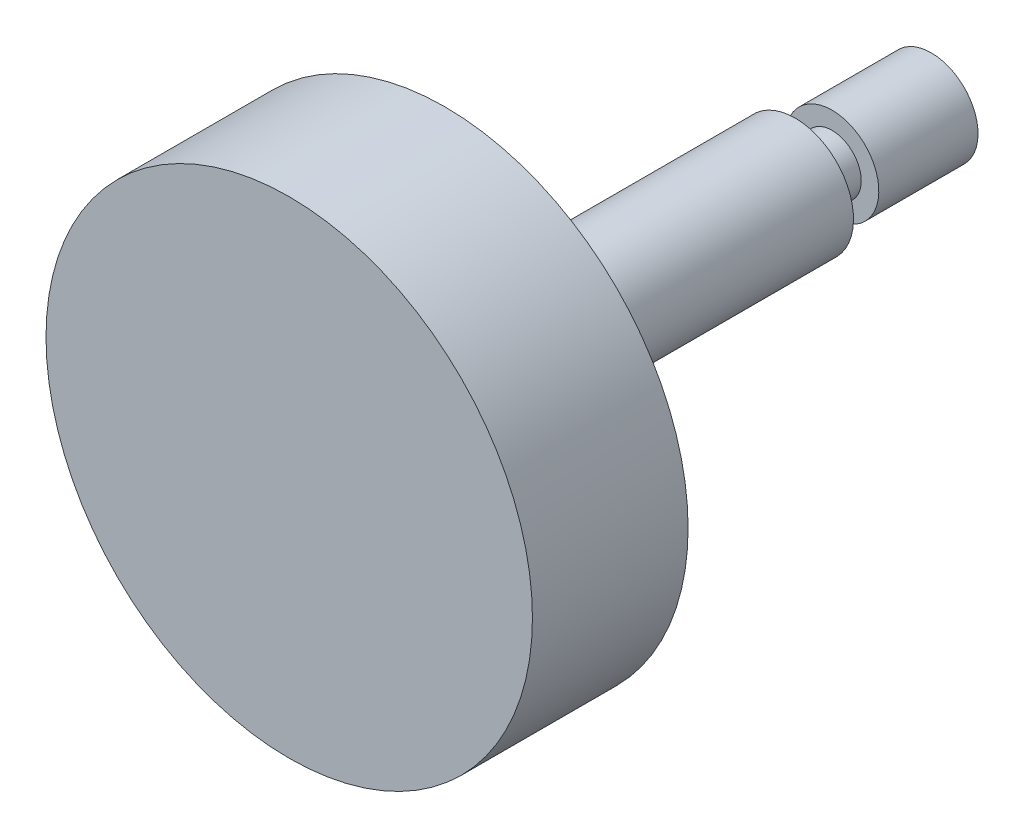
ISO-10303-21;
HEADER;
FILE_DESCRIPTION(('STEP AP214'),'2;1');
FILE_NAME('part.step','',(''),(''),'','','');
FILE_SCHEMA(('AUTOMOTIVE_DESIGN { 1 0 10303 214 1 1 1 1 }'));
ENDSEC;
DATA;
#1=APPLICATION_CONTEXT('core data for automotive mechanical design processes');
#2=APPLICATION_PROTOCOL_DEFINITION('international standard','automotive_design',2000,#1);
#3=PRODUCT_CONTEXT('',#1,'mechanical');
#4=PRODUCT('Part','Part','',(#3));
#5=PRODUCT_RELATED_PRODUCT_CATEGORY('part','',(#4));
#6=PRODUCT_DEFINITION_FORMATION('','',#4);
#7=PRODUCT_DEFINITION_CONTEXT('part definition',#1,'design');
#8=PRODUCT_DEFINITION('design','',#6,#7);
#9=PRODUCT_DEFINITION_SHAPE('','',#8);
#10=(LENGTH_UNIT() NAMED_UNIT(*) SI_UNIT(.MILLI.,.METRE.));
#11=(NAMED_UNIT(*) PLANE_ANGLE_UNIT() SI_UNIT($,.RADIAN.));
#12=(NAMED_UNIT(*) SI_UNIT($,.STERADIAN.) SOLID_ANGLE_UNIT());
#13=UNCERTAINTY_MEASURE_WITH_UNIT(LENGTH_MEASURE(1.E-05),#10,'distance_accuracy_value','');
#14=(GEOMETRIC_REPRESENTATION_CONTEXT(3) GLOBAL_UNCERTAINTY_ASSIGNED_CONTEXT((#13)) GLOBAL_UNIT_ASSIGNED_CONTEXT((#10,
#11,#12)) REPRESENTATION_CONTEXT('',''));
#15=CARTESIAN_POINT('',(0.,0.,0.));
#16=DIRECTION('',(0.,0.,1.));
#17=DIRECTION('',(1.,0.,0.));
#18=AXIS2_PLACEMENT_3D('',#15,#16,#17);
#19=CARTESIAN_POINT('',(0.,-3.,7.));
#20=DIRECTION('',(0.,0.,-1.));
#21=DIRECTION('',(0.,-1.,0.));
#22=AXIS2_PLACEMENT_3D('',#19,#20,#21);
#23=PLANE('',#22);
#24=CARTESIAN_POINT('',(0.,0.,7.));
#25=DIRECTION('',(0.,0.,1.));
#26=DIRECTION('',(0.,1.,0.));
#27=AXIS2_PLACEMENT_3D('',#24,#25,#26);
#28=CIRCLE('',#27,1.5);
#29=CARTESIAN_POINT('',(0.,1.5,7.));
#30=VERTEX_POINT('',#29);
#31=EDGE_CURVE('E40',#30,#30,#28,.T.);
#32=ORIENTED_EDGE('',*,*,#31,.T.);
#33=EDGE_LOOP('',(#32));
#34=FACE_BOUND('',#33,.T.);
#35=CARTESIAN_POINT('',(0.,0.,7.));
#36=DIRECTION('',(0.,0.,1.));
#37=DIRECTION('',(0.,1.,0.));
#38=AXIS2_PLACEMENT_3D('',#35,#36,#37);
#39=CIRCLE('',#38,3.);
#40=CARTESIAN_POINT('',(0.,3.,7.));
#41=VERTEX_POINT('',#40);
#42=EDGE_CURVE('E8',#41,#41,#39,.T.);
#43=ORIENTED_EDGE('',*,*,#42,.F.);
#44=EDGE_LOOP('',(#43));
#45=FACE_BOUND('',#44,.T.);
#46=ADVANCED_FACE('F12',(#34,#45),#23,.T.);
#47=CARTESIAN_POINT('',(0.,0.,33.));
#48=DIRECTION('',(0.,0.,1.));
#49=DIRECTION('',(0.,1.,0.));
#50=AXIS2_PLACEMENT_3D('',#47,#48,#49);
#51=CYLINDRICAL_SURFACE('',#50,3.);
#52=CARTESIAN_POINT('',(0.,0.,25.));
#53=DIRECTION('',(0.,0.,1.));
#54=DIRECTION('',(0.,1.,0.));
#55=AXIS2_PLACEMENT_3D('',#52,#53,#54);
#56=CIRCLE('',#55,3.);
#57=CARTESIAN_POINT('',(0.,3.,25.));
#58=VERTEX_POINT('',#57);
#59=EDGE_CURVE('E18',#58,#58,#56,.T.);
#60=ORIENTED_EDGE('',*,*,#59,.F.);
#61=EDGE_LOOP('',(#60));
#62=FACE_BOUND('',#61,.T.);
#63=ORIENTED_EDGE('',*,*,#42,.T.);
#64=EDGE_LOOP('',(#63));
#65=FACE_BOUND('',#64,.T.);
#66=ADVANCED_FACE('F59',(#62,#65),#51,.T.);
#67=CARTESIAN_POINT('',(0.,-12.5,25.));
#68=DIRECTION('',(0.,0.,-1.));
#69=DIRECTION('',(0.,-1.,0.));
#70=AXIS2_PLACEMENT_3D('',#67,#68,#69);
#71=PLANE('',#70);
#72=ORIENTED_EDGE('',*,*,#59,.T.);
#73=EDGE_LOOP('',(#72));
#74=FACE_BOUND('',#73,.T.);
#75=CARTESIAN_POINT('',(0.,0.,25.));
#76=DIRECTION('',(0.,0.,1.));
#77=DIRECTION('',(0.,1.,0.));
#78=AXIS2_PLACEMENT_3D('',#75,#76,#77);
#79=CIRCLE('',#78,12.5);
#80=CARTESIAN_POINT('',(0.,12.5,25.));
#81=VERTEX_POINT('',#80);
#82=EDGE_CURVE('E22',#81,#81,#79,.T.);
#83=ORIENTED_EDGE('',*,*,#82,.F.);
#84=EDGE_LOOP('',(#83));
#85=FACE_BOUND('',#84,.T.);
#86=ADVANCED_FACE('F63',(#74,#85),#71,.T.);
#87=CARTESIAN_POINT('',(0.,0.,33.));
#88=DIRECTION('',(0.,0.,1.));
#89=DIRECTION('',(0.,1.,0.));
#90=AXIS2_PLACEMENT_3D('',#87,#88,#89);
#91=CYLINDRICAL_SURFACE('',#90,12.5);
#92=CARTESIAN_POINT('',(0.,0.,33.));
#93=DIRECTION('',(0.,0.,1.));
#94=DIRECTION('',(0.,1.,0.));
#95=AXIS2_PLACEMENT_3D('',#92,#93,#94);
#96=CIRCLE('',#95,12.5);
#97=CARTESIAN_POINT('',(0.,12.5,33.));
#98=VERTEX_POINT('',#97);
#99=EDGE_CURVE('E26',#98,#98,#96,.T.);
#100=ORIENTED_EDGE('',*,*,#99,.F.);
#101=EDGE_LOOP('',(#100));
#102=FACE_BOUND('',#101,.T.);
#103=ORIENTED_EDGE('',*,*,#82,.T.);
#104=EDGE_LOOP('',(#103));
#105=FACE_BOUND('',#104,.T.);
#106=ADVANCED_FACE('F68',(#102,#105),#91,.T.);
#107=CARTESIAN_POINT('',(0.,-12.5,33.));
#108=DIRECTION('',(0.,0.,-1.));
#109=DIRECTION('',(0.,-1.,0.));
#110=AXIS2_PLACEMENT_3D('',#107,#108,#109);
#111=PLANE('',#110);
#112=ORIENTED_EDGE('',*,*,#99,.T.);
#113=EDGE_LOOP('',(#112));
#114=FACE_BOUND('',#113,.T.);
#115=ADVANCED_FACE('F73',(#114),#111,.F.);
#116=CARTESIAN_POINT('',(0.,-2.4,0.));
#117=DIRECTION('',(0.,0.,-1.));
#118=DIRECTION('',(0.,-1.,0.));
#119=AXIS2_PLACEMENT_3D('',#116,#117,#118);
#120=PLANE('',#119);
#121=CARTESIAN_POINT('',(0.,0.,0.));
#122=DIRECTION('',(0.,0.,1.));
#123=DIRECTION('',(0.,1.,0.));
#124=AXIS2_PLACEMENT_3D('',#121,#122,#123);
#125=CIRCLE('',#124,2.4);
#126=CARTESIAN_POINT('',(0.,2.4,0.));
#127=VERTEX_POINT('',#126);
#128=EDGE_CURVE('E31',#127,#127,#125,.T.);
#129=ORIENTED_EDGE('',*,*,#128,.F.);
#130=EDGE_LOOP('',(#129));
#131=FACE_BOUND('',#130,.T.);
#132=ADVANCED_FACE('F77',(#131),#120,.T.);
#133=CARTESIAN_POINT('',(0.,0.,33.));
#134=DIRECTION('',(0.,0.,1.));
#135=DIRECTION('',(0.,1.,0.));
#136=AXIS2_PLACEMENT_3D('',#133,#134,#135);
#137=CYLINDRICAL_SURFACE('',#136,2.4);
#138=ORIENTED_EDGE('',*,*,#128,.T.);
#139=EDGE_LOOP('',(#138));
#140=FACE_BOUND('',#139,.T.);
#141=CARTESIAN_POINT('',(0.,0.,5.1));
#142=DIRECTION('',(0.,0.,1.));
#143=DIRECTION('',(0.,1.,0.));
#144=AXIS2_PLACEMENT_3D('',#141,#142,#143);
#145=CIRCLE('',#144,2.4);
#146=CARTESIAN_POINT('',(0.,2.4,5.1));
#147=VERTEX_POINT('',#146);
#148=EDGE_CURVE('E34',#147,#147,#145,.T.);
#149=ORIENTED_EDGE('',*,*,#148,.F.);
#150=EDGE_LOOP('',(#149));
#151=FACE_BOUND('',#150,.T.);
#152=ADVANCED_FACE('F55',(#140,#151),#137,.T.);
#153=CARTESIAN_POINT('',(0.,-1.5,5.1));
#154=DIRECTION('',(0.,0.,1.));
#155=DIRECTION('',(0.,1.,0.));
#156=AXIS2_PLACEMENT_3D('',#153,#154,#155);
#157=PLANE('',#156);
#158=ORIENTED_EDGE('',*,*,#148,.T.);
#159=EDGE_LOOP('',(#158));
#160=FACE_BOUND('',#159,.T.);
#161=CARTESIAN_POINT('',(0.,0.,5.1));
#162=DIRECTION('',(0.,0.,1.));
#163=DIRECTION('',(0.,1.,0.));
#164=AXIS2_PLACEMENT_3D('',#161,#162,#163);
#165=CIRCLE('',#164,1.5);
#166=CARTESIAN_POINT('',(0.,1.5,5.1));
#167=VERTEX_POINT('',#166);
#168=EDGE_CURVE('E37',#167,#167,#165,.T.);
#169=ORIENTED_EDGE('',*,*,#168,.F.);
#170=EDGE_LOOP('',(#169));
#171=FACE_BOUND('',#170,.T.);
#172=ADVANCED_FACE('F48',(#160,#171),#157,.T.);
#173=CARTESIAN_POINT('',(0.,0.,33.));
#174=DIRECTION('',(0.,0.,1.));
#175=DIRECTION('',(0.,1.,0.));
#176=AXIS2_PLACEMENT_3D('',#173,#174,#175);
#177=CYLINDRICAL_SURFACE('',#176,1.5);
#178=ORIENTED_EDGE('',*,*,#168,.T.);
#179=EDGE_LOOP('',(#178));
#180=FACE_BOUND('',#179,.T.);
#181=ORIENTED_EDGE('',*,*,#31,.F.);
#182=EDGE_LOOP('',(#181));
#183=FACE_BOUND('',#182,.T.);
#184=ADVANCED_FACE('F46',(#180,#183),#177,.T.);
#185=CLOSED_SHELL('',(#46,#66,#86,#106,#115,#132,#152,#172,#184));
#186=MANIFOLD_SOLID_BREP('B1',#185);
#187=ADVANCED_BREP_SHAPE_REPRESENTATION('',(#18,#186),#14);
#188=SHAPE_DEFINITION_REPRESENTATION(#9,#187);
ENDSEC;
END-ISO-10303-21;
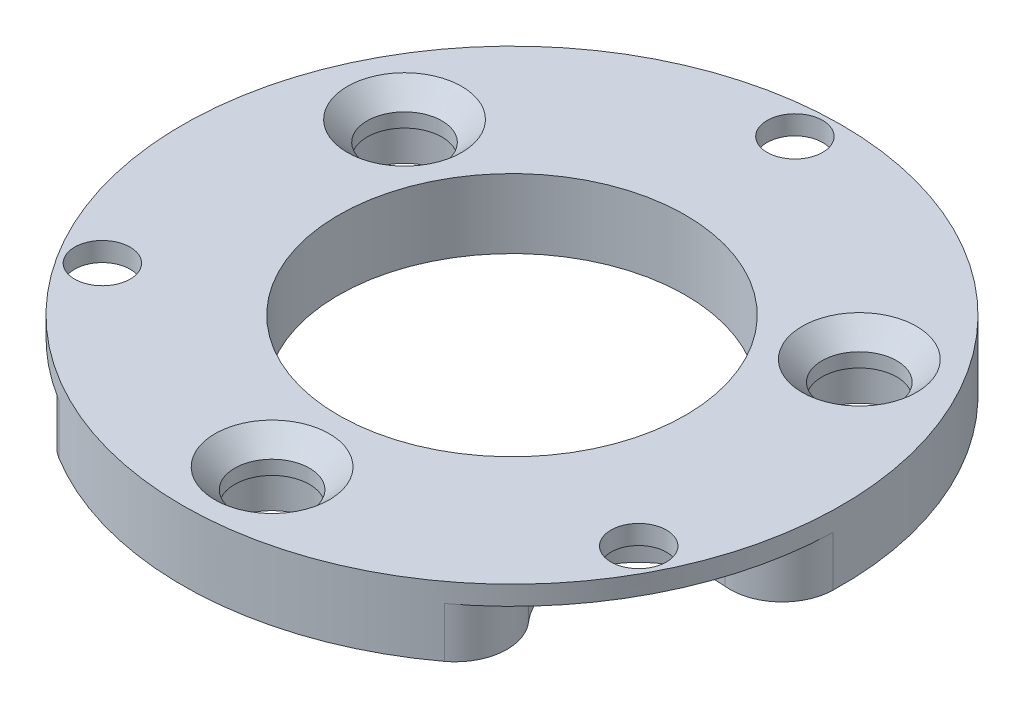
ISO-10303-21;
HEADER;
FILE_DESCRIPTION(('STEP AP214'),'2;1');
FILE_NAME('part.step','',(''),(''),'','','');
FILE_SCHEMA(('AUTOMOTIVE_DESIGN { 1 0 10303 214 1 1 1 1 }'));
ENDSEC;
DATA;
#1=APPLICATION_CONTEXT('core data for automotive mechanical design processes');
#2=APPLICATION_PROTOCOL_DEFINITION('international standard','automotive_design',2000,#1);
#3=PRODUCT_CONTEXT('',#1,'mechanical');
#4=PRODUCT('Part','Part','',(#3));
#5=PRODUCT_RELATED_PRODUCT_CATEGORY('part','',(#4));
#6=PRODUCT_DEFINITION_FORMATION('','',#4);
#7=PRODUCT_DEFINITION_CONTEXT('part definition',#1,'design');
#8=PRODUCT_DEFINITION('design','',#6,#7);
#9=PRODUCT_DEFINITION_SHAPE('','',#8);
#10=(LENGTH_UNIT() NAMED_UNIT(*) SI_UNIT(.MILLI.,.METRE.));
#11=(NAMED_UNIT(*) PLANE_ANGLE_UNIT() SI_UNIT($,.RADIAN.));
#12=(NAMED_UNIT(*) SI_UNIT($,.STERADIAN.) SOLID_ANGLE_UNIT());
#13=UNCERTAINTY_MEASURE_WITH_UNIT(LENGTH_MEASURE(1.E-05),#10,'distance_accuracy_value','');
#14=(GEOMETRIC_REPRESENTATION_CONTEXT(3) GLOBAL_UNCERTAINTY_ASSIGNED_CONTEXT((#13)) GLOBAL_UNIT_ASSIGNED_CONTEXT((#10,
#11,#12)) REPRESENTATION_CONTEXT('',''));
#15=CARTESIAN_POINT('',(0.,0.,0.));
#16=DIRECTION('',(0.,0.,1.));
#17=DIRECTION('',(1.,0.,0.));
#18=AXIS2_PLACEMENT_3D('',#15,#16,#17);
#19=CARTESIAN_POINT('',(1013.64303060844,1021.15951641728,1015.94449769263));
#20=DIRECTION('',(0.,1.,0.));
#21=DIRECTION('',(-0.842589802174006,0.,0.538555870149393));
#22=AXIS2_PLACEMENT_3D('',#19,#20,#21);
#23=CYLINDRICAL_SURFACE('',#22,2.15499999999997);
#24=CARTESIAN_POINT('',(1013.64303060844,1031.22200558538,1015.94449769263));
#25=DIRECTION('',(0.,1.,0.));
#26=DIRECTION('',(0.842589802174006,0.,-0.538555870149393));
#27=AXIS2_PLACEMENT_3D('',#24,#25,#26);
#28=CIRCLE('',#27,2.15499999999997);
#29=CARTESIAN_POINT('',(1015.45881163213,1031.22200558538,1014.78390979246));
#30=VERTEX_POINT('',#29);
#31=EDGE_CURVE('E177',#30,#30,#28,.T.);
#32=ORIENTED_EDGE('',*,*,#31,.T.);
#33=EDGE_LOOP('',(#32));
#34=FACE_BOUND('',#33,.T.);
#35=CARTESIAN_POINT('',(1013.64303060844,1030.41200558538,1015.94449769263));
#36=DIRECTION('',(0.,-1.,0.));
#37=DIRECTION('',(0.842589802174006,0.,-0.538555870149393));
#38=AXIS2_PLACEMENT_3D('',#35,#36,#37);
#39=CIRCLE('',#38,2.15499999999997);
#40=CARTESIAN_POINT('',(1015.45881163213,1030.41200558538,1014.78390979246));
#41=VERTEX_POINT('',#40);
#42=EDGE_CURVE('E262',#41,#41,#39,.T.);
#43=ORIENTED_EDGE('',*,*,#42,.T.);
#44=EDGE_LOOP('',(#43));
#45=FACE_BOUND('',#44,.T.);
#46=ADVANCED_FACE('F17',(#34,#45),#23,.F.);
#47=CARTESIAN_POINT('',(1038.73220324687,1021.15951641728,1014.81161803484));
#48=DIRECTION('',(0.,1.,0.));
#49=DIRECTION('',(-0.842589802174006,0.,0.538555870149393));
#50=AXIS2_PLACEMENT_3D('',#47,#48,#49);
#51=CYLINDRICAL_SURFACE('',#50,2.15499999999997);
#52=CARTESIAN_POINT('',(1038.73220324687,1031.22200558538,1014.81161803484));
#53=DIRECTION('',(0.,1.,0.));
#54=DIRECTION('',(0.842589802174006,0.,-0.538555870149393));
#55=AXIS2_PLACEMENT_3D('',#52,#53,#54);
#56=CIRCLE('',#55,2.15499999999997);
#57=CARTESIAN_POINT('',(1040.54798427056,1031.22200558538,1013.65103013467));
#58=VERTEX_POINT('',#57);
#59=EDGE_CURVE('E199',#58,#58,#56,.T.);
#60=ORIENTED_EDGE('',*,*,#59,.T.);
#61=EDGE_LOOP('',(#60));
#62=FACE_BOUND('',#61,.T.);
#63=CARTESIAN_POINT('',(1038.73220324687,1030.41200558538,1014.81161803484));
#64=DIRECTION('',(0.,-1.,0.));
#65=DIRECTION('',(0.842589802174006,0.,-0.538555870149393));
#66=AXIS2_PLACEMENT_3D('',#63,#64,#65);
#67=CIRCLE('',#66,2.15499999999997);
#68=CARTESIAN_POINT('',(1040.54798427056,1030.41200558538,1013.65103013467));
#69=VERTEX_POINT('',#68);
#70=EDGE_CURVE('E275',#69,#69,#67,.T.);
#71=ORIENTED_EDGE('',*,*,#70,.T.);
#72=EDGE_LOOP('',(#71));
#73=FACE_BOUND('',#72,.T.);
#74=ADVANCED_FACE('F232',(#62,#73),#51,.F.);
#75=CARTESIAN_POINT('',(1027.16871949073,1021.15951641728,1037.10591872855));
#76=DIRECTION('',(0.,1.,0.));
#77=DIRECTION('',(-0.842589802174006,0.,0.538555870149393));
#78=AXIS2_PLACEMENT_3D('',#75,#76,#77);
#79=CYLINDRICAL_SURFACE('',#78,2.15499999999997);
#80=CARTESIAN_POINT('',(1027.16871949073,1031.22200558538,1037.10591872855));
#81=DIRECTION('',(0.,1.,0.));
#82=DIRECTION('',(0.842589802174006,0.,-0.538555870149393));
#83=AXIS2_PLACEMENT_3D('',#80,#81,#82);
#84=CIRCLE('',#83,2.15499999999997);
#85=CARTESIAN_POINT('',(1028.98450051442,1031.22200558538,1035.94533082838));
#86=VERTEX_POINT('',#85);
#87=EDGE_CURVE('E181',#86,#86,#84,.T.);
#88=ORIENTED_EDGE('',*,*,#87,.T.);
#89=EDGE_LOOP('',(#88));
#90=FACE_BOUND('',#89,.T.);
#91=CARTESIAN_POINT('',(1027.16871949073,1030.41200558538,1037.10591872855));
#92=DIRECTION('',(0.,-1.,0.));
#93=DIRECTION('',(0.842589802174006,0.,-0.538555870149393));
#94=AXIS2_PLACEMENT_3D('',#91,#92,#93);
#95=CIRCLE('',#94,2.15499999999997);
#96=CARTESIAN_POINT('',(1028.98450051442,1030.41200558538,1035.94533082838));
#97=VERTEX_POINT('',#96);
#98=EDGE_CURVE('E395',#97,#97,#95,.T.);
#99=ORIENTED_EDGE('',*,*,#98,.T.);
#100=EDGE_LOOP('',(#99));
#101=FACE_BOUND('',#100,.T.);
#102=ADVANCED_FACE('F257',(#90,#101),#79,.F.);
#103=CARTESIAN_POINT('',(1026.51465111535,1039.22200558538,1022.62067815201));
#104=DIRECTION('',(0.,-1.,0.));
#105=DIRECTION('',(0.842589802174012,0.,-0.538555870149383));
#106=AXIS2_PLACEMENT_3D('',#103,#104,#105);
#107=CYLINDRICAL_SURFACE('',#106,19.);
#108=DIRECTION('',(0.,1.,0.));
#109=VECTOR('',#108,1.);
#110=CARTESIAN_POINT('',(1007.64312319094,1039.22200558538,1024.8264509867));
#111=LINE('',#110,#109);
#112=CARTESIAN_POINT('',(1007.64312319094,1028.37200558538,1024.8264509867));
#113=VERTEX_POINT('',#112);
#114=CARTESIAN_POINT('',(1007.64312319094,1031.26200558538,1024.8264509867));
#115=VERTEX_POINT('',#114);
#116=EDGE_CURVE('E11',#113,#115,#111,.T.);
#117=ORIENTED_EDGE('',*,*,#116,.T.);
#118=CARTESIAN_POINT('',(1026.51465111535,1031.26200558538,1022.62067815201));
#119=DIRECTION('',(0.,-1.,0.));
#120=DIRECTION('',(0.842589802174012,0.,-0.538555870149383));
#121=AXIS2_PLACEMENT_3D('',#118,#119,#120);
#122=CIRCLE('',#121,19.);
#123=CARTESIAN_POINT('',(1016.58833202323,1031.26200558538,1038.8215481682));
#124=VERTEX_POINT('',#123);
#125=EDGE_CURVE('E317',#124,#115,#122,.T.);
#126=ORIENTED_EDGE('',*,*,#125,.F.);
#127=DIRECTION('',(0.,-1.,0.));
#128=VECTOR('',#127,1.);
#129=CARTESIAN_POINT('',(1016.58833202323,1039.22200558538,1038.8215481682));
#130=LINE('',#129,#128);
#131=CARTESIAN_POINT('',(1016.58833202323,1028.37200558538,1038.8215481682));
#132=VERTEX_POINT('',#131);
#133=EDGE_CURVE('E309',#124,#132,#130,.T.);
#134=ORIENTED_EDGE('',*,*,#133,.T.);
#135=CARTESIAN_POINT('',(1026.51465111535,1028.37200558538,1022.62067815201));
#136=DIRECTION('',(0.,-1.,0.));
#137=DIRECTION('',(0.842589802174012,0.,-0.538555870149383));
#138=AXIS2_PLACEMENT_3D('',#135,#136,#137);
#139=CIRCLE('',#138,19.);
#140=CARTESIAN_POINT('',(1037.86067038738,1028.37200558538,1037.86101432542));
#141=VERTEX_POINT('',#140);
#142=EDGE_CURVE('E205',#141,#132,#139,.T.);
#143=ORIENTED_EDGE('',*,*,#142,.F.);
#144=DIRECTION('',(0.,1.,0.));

###

Requirement:
Taking the lines above, repeat exactly those from the line that contains "#163=DIRECTION('',(0.,1.,0.));" through the line that contains "#172=ADVANCED_FACE('F48',(#160,#171),#157,.T.);", and both of those lines as well. Include nothing else.

Solution:
#163=DIRECTION('',(0.,1.,0.));
#164=AXIS2_PLACEMENT_3D('',#161,#162,#163);
#165=CIRCLE('',#164,1.5);
#166=CARTESIAN_POINT('',(0.,1.5,5.1));
#167=VERTEX_POINT('',#166);
#168=EDGE_CURVE('E37',#167,#167,#165,.T.);
#169=ORIENTED_EDGE('',*,*,#168,.F.);
#170=EDGE_LOOP('',(#169));
#171=FACE_BOUND('',#170,.T.);
#172=ADVANCED_FACE('F48',(#160,#171),#157,.T.);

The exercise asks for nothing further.